### [Problem statement]
Using the material that follows, identify and copy each line with the string "GNDPWR".

### [Supplied material]
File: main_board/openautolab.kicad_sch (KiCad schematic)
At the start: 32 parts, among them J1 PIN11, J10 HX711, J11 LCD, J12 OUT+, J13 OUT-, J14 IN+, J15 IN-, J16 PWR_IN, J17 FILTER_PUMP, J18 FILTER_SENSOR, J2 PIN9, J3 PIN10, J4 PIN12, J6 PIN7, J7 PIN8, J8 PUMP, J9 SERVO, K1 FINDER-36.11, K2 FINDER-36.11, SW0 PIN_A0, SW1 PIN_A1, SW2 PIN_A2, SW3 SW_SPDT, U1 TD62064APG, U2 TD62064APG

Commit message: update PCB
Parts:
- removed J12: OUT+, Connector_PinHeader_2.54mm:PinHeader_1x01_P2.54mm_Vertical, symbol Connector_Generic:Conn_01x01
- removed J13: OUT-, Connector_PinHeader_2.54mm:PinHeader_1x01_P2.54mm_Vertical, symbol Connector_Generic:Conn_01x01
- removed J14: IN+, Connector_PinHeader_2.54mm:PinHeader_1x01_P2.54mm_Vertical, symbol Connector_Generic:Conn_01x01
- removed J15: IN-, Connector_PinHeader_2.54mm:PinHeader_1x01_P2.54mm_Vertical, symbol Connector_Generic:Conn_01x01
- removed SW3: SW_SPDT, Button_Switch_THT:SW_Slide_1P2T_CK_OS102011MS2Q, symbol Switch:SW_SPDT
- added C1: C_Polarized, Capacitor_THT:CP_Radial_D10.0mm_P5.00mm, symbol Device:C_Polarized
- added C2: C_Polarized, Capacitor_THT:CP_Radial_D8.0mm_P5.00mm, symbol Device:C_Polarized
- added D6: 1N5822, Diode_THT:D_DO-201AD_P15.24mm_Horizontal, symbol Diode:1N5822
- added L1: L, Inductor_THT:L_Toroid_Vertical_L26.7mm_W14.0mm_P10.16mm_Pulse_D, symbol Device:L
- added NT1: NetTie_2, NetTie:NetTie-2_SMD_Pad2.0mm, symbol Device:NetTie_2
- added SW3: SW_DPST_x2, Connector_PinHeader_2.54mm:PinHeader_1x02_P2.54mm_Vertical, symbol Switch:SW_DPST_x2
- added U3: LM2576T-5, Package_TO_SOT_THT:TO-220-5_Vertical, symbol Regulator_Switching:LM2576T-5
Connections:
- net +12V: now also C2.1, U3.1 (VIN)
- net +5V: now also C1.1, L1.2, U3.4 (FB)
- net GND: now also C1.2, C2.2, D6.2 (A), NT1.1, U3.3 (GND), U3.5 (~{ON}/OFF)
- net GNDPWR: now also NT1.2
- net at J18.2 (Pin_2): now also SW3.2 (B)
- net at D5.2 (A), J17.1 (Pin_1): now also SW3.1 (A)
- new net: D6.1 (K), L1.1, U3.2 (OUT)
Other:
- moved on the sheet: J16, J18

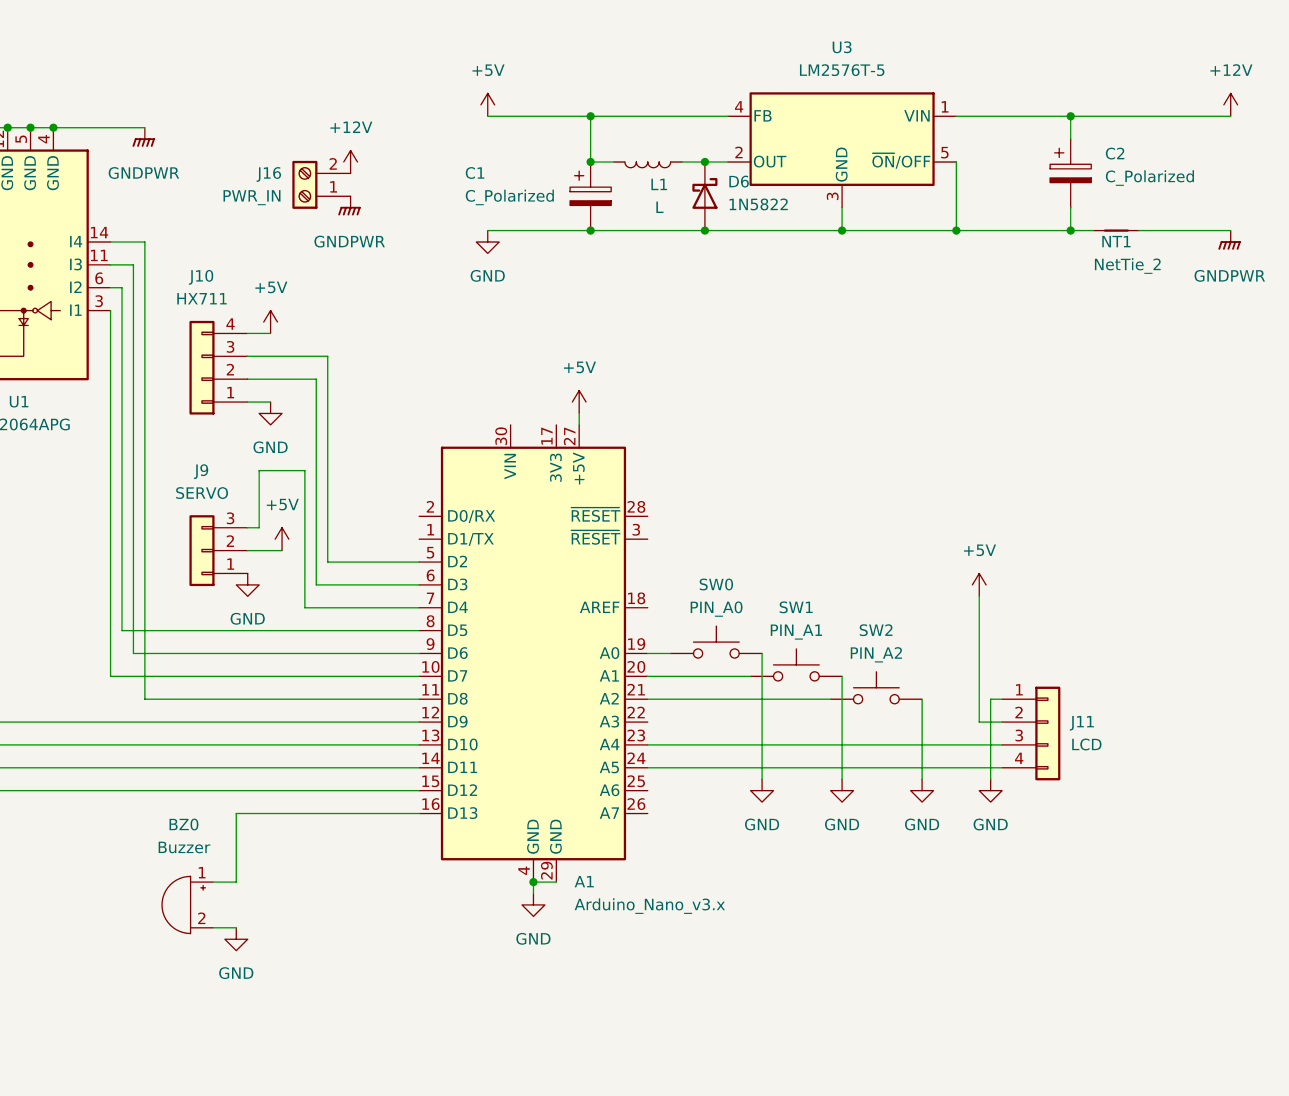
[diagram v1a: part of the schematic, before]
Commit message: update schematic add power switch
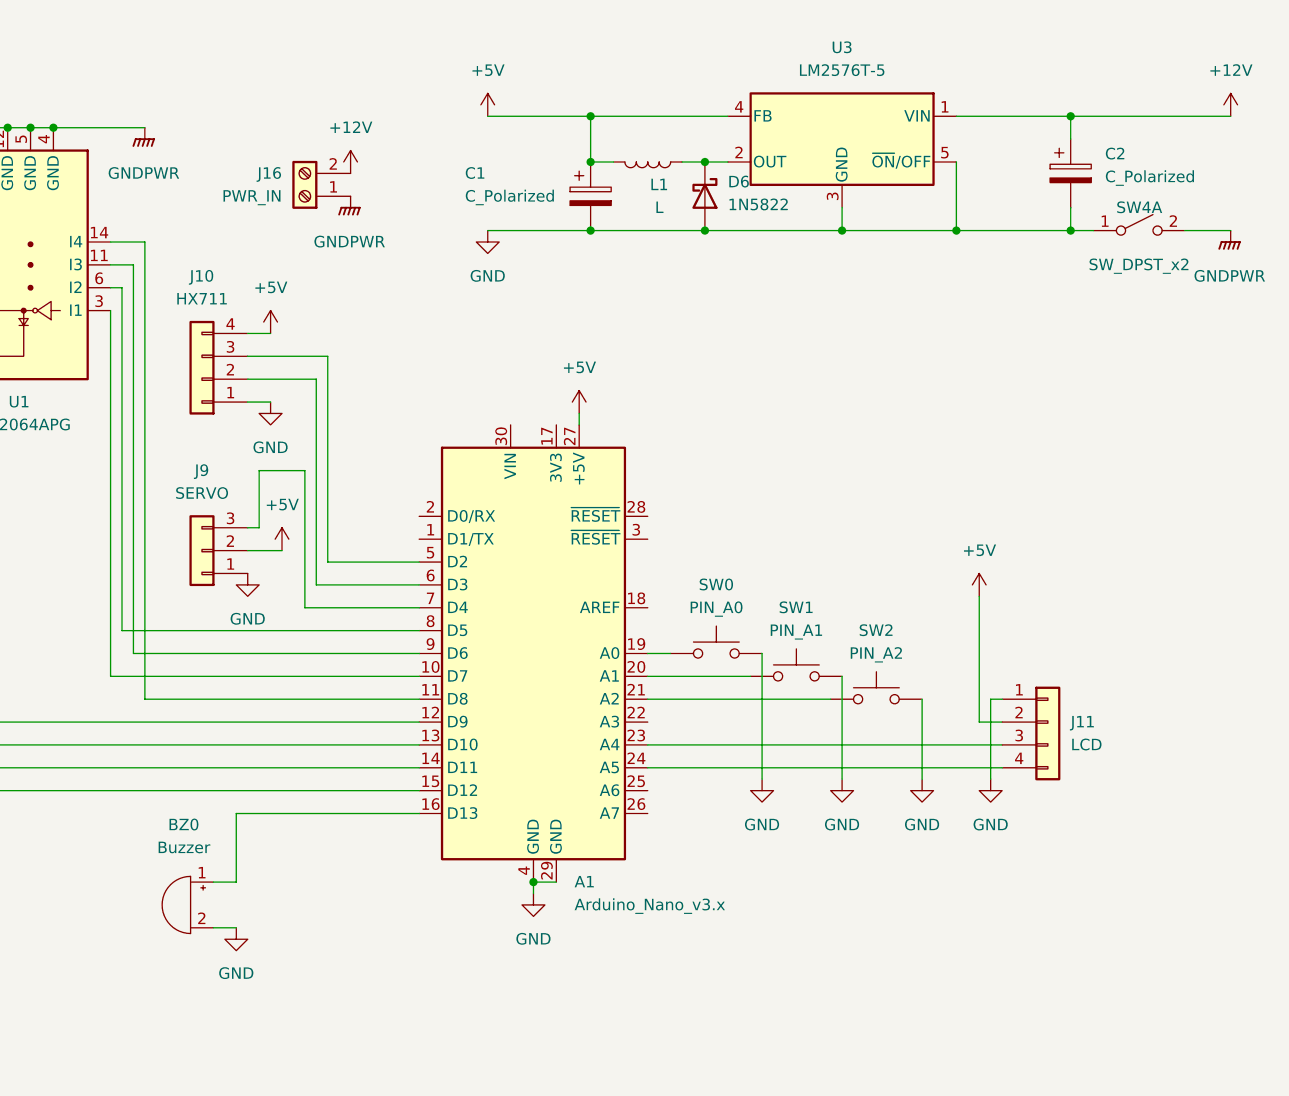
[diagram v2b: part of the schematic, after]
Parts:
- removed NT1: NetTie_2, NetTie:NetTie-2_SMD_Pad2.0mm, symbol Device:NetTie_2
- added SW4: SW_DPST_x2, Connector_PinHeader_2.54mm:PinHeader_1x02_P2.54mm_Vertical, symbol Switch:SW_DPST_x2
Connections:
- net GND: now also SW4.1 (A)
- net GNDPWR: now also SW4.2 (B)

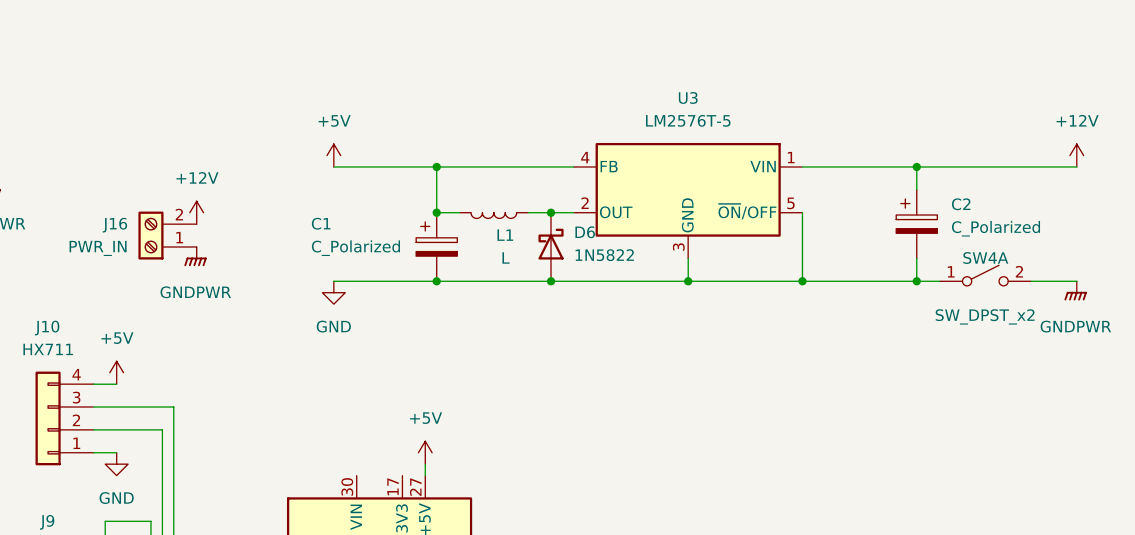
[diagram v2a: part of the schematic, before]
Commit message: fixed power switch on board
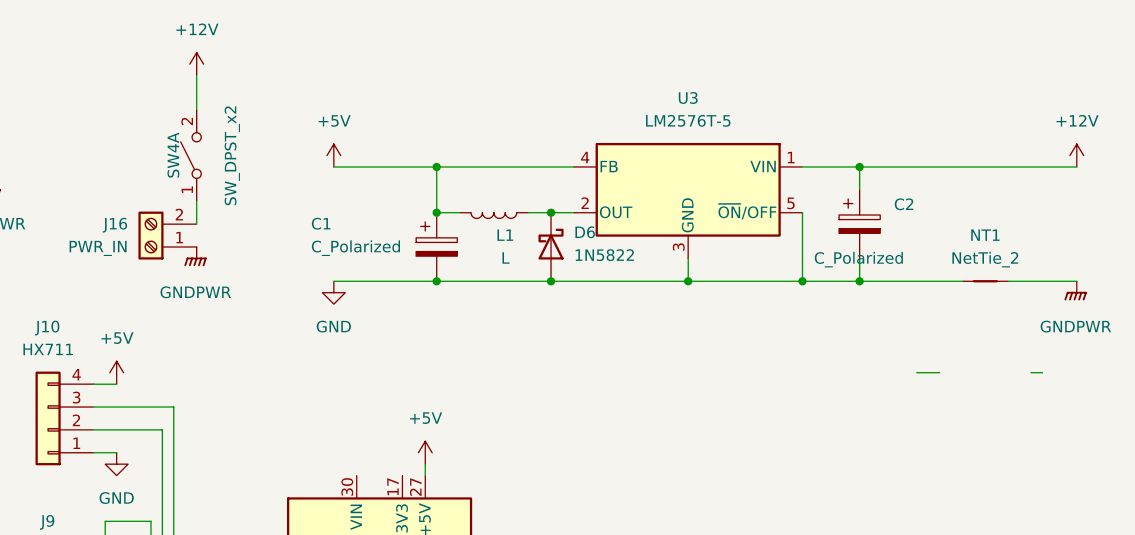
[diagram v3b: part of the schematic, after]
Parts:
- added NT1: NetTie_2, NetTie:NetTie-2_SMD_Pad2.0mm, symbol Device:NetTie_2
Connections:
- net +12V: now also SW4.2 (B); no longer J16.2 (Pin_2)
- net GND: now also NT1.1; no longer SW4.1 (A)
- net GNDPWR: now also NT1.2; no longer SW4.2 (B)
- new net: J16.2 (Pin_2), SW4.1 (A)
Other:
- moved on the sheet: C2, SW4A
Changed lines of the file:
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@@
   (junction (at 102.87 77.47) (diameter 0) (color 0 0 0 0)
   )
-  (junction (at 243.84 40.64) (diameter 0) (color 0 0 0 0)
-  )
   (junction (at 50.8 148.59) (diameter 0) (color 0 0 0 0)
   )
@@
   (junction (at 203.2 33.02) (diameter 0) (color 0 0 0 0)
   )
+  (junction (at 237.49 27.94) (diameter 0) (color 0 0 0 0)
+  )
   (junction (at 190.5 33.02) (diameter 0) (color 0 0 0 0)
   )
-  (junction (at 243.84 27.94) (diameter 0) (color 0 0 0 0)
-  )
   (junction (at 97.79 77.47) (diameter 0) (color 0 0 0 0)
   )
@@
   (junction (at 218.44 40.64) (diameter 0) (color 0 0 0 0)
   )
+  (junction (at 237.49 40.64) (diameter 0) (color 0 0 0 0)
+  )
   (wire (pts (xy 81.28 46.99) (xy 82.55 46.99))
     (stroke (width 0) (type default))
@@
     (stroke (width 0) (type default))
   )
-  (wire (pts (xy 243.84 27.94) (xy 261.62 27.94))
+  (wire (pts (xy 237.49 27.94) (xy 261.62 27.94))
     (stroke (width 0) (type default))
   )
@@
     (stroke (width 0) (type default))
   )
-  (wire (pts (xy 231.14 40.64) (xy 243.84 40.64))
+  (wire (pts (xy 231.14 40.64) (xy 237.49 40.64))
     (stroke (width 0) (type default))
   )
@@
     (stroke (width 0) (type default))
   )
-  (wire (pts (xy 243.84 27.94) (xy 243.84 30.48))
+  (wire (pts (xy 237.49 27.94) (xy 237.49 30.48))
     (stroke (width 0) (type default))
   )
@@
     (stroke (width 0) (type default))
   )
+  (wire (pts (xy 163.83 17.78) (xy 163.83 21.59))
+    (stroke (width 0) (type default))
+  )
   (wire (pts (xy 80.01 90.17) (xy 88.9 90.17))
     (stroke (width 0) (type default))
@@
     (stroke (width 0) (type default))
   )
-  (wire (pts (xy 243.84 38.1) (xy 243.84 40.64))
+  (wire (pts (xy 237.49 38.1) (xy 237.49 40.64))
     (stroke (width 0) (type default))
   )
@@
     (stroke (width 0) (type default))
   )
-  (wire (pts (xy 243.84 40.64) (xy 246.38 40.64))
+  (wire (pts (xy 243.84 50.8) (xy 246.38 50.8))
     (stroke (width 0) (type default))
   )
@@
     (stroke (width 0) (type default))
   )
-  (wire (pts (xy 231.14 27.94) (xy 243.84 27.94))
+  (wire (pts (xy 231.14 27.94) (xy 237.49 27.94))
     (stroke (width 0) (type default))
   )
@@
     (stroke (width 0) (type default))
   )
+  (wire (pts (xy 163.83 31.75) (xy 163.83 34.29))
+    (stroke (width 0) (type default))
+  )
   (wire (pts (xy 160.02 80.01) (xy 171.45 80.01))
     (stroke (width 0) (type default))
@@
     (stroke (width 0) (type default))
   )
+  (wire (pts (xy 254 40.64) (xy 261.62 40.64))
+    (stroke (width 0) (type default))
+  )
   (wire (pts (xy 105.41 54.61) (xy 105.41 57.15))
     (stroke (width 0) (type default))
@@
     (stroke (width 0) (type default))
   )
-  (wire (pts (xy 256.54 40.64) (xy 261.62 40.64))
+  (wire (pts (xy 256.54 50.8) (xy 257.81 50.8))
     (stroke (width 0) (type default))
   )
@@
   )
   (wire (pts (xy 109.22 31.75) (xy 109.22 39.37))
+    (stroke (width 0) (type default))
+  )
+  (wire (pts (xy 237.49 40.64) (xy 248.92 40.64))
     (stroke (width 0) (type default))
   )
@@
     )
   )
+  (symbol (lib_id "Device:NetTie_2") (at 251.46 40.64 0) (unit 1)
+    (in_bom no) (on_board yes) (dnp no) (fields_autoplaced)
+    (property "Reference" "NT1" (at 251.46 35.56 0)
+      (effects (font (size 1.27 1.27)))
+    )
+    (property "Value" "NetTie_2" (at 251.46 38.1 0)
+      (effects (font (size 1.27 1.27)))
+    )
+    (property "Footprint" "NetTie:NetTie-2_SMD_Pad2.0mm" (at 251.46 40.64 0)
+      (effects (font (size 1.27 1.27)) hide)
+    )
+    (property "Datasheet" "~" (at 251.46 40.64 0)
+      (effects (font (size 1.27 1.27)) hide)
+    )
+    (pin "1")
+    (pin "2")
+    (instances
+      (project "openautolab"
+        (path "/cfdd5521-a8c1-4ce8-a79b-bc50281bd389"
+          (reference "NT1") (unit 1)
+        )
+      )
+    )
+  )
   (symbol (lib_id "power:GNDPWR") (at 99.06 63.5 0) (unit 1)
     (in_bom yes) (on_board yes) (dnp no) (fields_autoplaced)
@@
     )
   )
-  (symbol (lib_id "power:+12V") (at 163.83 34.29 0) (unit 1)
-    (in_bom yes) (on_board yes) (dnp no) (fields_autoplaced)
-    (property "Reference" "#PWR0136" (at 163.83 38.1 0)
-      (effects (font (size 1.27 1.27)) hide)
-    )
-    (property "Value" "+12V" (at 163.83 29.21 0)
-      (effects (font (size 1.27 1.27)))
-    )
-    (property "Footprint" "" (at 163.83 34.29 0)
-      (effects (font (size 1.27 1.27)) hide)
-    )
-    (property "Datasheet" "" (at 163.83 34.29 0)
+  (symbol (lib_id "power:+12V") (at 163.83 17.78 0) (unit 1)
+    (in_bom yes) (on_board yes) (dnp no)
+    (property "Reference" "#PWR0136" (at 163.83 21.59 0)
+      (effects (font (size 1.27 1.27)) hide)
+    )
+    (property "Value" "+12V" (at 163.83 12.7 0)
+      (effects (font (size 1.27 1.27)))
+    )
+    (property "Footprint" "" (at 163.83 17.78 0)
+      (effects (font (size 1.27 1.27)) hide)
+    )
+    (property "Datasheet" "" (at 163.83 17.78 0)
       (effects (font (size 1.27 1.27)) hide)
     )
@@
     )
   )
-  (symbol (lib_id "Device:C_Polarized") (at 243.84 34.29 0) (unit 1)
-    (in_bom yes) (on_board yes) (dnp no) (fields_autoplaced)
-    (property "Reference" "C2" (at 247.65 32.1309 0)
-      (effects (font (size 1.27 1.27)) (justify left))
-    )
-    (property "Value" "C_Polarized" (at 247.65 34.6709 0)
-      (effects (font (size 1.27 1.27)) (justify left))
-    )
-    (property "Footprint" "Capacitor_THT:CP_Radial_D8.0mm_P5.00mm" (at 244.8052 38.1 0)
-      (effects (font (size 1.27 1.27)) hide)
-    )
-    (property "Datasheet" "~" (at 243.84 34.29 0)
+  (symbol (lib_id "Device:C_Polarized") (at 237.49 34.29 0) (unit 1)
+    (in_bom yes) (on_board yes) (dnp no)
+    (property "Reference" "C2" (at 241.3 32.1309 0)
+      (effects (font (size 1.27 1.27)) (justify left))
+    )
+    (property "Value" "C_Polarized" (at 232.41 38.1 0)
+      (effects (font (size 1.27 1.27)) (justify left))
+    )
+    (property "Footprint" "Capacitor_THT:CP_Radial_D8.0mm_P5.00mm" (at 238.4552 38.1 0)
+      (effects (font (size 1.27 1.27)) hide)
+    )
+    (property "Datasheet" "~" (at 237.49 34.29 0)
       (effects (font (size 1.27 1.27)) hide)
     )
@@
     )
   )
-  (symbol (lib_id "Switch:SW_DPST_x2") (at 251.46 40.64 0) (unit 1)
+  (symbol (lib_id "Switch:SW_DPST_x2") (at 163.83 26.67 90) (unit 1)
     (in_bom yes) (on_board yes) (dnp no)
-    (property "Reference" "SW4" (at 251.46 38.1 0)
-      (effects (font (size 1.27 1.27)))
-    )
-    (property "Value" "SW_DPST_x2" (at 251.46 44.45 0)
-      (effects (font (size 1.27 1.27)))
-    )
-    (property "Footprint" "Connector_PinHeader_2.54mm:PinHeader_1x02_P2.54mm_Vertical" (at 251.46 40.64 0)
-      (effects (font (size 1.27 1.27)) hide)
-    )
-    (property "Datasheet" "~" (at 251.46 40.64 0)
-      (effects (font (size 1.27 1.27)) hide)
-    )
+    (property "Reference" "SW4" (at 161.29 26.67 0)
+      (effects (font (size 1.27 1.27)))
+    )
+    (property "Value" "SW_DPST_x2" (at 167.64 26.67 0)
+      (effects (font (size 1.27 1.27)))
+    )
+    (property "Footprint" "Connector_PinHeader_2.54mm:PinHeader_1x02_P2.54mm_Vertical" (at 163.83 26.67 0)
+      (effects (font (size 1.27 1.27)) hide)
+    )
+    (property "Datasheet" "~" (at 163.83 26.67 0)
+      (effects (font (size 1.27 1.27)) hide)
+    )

### [Task result]
- net GNDPWR: now also NT1.2
- net GNDPWR: now also SW4.2 (B)
- net GNDPWR: now also NT1.2; no longer SW4.2 (B)
   (symbol (lib_id "power:GNDPWR") (at 99.06 63.5 0) (unit 1)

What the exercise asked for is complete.